Wilde may have gained his sense of the absurd and the familiar as a way to create an uncanny, believable universe from the novel The Charterhouse Of Parma, by the French liberal writer Stendhal, from which Wilde painted scenes throughout his career. The connections between the 19th century French romantic thriller and Wilde’s paintings are, of course, confusing. Wilde’s familiar chiseled and classically beautiful women cavort with angels around Roman structures with angels and beach balls. There were no beach balls in 18th century Italian courts.

What connects Wilde’s approach to Stendhal’s writing is irony. Nearly every plot point in Charterhouse turns on some hilarious misperception. Fabrizio, the beloved child of an Italian aristocrat, betrays his nation to join Napoleon’s invading army. Later, Fabrizio looks down on caged birds from a jail cell, tyrant kings aspire to liberalism through despotism, and nothing that clever courtiers ever say is meant. Yet Stendhal’s novel is often praised as an important “realist” novel. These extraordinary events that shake the foundations of the small Italian kingdom of Parma are considered realistic because they’re detailed with journalistic finesse. It is this intense scrutiny of the absurd that the writer and the painter share.

Panczenko, in his interview with Wilde, pointed out a gap between the themes of Charterhouse and Wilde’s paintings, suggesting that Wilde painted what Stendhal left out. But Wilde refuted this, responding, “Stendhal tells the whole story.” This is curious, considering Stendhal’s narrative of passionate lust features no sex. Of course, it is hinted at, over and over again, and the term “make love” is employed to mean anything from sweet nothings to implications of incest. It is instead that Stendhal deliberately left the reader to imagine their own sexual encounters, far from leaving it out. Similarly, as Stonehouse pointed out to me, Wilde’s figures are rarely caught in the action of making love, and are simply nude. The erotic is merely suggested. It is the viewer who assumes the sex.


John Wilde,

John Wilde, “Muss es Sein? Es Muss Sein!” 1979-1981. Image courtesy Chazen Museum of Art.

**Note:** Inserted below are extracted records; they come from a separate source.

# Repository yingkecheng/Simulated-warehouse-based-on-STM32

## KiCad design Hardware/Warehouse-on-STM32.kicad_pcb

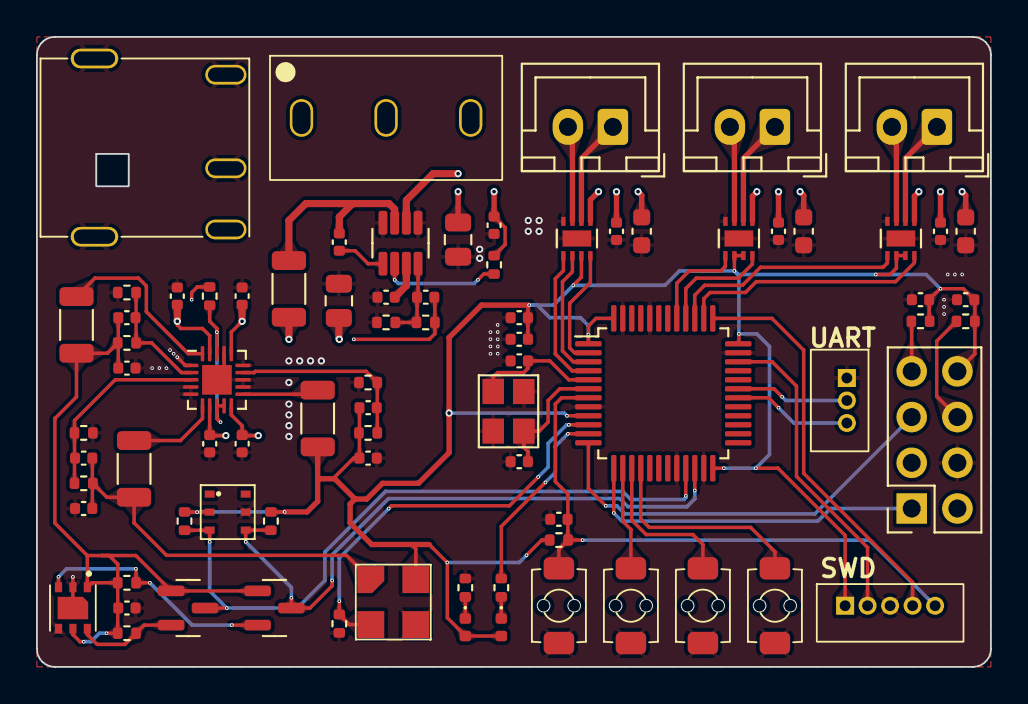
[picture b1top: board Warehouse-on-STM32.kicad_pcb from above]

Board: 2 copper layers, 53.0 x 35.0 mm, 80 parts (0 on the bottom side), 54 nets.

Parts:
C1, C4, C8, C9, C10, C14, C16, C18: 10uF; C_0402_1005Metric
C2, C3, C6, C19, C20, C21, C27, C28, C29, C30: 104; C_0402_1005Metric
C5, C7, C22: 33pF; C_0402_1005Metric
C11, C12, C13: 220pF; C_0402_1005Metric
C15: 1uF; C_0402_1005Metric
C17, C23: 22uF; C_0805_2012Metric
C24, C25, C26: 10uF; C_0603_1608Metric
D1: RED; LED_0402_1005Metric
D2: BLUE; LED_0402_1005Metric
J1: ESP8266; PinSocket_2x04_P2.54mm_Vertical
J2: SWD; 1.25-5A
J3: UART; 1.25-3A
J4: Barrel_Jack_Switch_MountingPin; BarrelJack_XKB_DC-044A-2.5A-2.5
J5, J6, J7: Conn_01x02; JST_XH_B2B-XH-A_1x02_P2.50mm_Vertical
L1, L2, L3: 1.5uH; L_1206_3216Metric
L4: 4.7uH; L_1206_3216Metric
Q1, Q2: AO3400A; SOT-23
R1, R2, R3, R4, R5: 10K; R_0402_1005Metric
R6: 510K; R_0402_1005Metric
R7: 110K; R_0402_1005Metric
R8: 470K; R_0402_1005Metric
R9: 150K; R_0402_1005Metric
R10: 200K; R_0402_1005Metric
R11, R12, R13: 100K; R_0402_1005Metric
R14: 40.2K; R_0402_1005Metric
R15: 5.49K; R_0402_1005Metric
R16, R17, R18, R20: 4.7K; R_0402_1005Metric
R19: 1M; R_0402_1005Metric
SW1, SW2, SW3, SW4: SW_Push; SW_XKB_TS-1185-B-A-B-A
SW5: SW_XKB_SS-12D10L5
U1: STM32F103C8Tx; LQFP-48_7x7mm_P0.5mm
U2: EA3036C; QFN-20-1EP_3x3mm_P0.4mm_EP1.65x1.65mm
U3: MP2225GJ; TSOT-23-8
U4, U5, U6: DRV8820DSG; WSON-8-1EP_2x2mm_P0.5mm_EP0.9x1.6mm
U7: AHT20
U8: SGP30
U9: Sensor; MEMS气体传感器
Y1: 8MHz; Crystal_SMD_3225-4Pin_3.2x2.5mm

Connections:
+1V8: C10.1, C13.1, C30.1, L3.1, Q1.1 (G), Q2.1 (G), R10.1, R18.1, R20.1, U8.1 (VDD), U8.5 (VDDH)
+2V5: C9.1, C12.1, L2.1, R8.1, U9.1 (VH)
+3V3: C1.1, C2.1, C4.1, C6.1, C8.1, C11.1, D1.2 (A), D2.2 (A), J1.8, J2.1, L1.1, R1.1, R2.1, R5.1, R6.1, R16.1, R17.1, U1.1 (VBAT), U1.9 (VDDA), U1.24 (VDD), U1.36 (VDD), U1.48 (VDD), U4.7 (MODE), U5.6 (IN1/PH), U5.7 (MODE), U6.6 (IN1/PH), U6.7 (MODE), U7.2 (VDD), U9.4 (VCC)
+5V: C14.1, C15.1, C16.1, C18.1, C22.1, C23.1, L4.2, R12.1, R14.1, U2.7 (VIN2), U2.10 (VIN1), U2.16 (VCC), U2.19 (VIN3)
+12V: C17.1, C19.1, C24.1, C25.1, C26.1, C27.1, C28.1, C29.1, R13.1, SW5.3, U3.2 (IN), U4.1 (VM), U5.1 (VM), U6.1 (VM)
/ADC: R19.1, U1.10 (PA0), U9.2 (OUT)
/AEN: U1.4 (PC15), U4.5 (IN2/EN)
/APH: U1.3 (PC14), U4.6 (IN1/PH)
/ASLEEP: U1.2 (PC13), U4.8 (~SLEEP)
/BEN: U1.41 (PB5), U5.5 (IN2/EN)
/BSLEEP: U1.40 (PB4), U5.8 (~SLEEP)
/CEN: U1.39 (PB3), U6.5 (IN2/EN)
/CSLEEP: U1.38 (PA15), U6.8 (~SLEEP)
/ESP_RX: J1.1, U1.13 (PA3)
/ESP_TX: J1.5, U1.12 (PA2)
/KEY0: SW1.2, U1.16 (PA6)
/KEY1: SW2.2, U1.15 (PA5)
/KEY2: SW3.2, U1.14 (PA4)
/LED0: R4.2, U1.11 (PA1)
/NRST: C3.1, J2.5, R5.2, SW4.2, U1.7 (NRST)
/SCL: Q1.3 (D), R16.2, U1.21 (PB10), U7.3 (SCL)
/SDA: Q2.3 (D), R17.2, U1.22 (PB11), U7.4 (SDA)
/SWCLK: J2.4, U1.37 (PA14)
/SWDIO: J2.2, U1.34 (PA13)
/USART1_RX: J3.2, U1.31 (PA10)
/USART1_TX: J3.3, U1.30 (PA9)
/传感器模块/SCL1V8: Q1.2 (S), R20.2, U8.6 (SCL)
/传感器模块/SDA1V8: Q2.2 (S), R18.2, U8.3 (SDA)
GND: C1.2, C2.2, C3.2, C4.2, C5.2, C6.2, C7.2, C8.2, C9.2, C10.2, C14.2, C15.2, C16.2, C17.2, C18.2, C19.2, C20.1, C23.2, C24.2, C25.2, C26.2, C27.2, C28.2, C29.2, C30.2, J1.4, J2.3, J3.1, J4.2, J4.3, J4.MP (MountPin), R3.2, R7.1, R9.1, R11.1, R15.2, R19.2, SW1.1, SW2.1, SW3.1, SW4.1, U1.8 (VSSA), U1.20 (PB2), U1.23 (VSS), U1.35 (VSS), U1.44 (BOOT0), U1.47 (VSS), U2.1 (GND3), U2.4 (GND2), U2.5 (GND2), U2.12 (GND1), U2.13 (GND1), U2.15 (AGND), U2.17 (AGND), U2.21 (EP), U3.1 (AGND), U3.4 (GND), U4.4 (GND), U4.9 (GND), U5.4 (GND), U5.9 (GND), U6.4 (GND), U6.9 (GND), U7.5 (GND), U8.2 (VSS), U8.4 (R), U8.7, U9.3 (GND), Y1.2, Y1.4
unnamed: D1.1 (K), R3.1
unnamed: D2.1 (K), R4.1
unnamed: J1.6, R2.2
unnamed: J1.7, R1.2
unnamed: J4.1, SW5.2
unnamed: J5.1, U4.2 (OUT1)
unnamed: J5.2, U4.3 (OUT2)
unnamed: J6.1, U5.2 (OUT1)
unnamed: J6.2, U5.3 (OUT2)
unnamed: J7.1, U6.2 (OUT1)
unnamed: J7.2, U6.3 (OUT2)
unnamed: C5.1, U1.5 (PD0), Y1.1
unnamed: C7.1, U1.6 (PD1), Y1.3
unnamed: R12.2, U2.8 (EN2), U2.9 (EN1), U2.18 (EN3)
unnamed: C11.2, R6.2, R7.2, U2.14 (FB1)
unnamed: C12.2, R8.2, R9.2, U2.3 (FB2)
unnamed: C13.2, R10.2, R11.2, U2.2 (FB3)
unnamed: L1.2, U2.11 (LX1)
unnamed: L2.2, U2.6 (LX2)
unnamed: L3.2, U2.20 (LX3)
unnamed: C21.1, U3.5 (BST)
unnamed: R13.2, U3.6 (EN/SYNC)
unnamed: C22.2, R14.2, R15.1, U3.8 (FB)
unnamed: C21.2, L4.1, U3.3 (SW)
unnamed: C20.2, U3.7 (VCC)

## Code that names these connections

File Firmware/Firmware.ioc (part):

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Mcu.Name=STM32F103C(8-B)Tx
Mcu.Package=LQFP48
Mcu.UserName=STM32F103C8Tx
PA1.GPIOParameters=GPIO_Label
PA1.GPIO_Label=LED
PA1.Signal=GPIO_Output
PA10.Mode=Asynchronous
PA10.Signal=USART1_RX
PA13.Mode=Serial_Wire
PA13.Signal=SYS_JTMS-SWDIO
PA14.Mode=Serial_Wire
PA14.Signal=SYS_JTCK-SWCLK
PA15.GPIOParameters=GPIO_Label
PA15.GPIO_Label=C_SLP
PA15.Signal=GPIO_Output
PA2.Mode=Asynchronous
PA2.Signal=USART2_TX
PA3.Mode=Asynchronous
PA3.Signal=USART2_RX
PA4.GPIOParameters=GPIO_PuPd,GPIO_Label
PA4.GPIO_Label=KEY2
PA4.GPIO_PuPd=GPIO_PULLUP
PA4.Signal=GPIO_Input
PA5.GPIOParameters=GPIO_PuPd,GPIO_Label
PA5.GPIO_Label=KEY1
PA5.GPIO_PuPd=GPIO_PULLUP
PA5.Signal=GPIO_Input
PA6.GPIOParameters=GPIO_PuPd,GPIO_Label
PA6.GPIO_Label=KEY0
PA6.GPIO_PuPd=GPIO_PULLUP
PA6.Signal=GPIO_Input
PA9.Mode=Asynchronous
PA9.Signal=USART1_TX
PB10.Mode=I2C
PB10.Signal=I2C2_SCL
PB11.Mode=I2C
PB11.Signal=I2C2_SDA
PB3.GPIOParameters=GPIO_Label
PB3.GPIO_Label=C_EN
PB3.Signal=GPIO_Output
PB4.GPIOParameters=GPIO_Label
PB4.GPIO_Label=B_SLP
PB4.Signal=GPIO_Output
PB5.GPIOParameters=GPIO_Label
PB5.GPIO_Label=B_EN
PB5.Signal=GPIO_Output
PC13-TAMPER-RTC.GPIOParameters=GPIO_Label
PC13-TAMPER-RTC.GPIO_Label=A_SLP
PC13-TAMPER-RTC.Signal=GPIO_Output
PC14-OSC32_IN.GPIOParameters=GPIO_Label
PC14-OSC32_IN.GPIO_Label=A_PH
PC14-OSC32_IN.Signal=GPIO_Output
PC15-OSC32_OUT.GPIOParameters=GPIO_Label
PC15-OSC32_OUT.GPIO_Label=A_EN
PC15-OSC32_OUT.Signal=GPIO_Output
PD0-OSC_IN.Mode=HSE-External-Oscillator
PD0-OSC_IN.Signal=RCC_OSC_IN
PD1-OSC_OUT.Mode=HSE-External-Oscillator
PD1-OSC_OUT.Signal=RCC_OSC_OUT
RCC.SYSCLKFreq_VALUE=72000000
RCC.SYSCLKSource=RCC_SYSCLKSOURCE_PLLCLK
board=custom

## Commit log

2023-03-09 添加应硬件设计
2023-03-09 fisrt commit
2023-03-16 下班前提交初版
2023-03-27 完成最小系统的电路原理图设计
2023-03-28 完成传感器模块原理图
2023-03-28 完成电源模块电路原理图
2023-03-28 运行DRC前
2023-03-29 2023/3/29
2023-04-05 完成布局
2023-04-06 完成部分布线
2023-04-06 绘制第一版
2023-04-18 version 1.0
2023-04-19 修改了电机驱动芯片旁的电容封装为0603
2023-05-10 coding
2023-05-12 Add state diagram.
2023-05-13 PCB V2

What makes a plot or a painting so unrelatable for one person a striking example of real life for another? The answer is in those scenes from which no one can turn away, like the soldier Fabrizio sees whose eye dangles out, or the two lovers staring at the oncoming inevitability of death. These are moments when even the most privileged of souls must reckon with the flaws in their own perception.

While Fabrizio wakes up after falling unconscious during his escape from jail, outside for the first time in months, he falls asleep, and, “waking… could not understand how he could be seeing trees in the room.” Wilde and Stendhal both sought to capture the feeling of arising from a dream, stuck between two realities, as flaws in perception shape the real world. This belief in the reality of absurdity is what unites a 20th century surrealist painter, a 19th century French novelist, and a 21st century Wisconsinite, who is still wondering how to deal with his own absurd reality.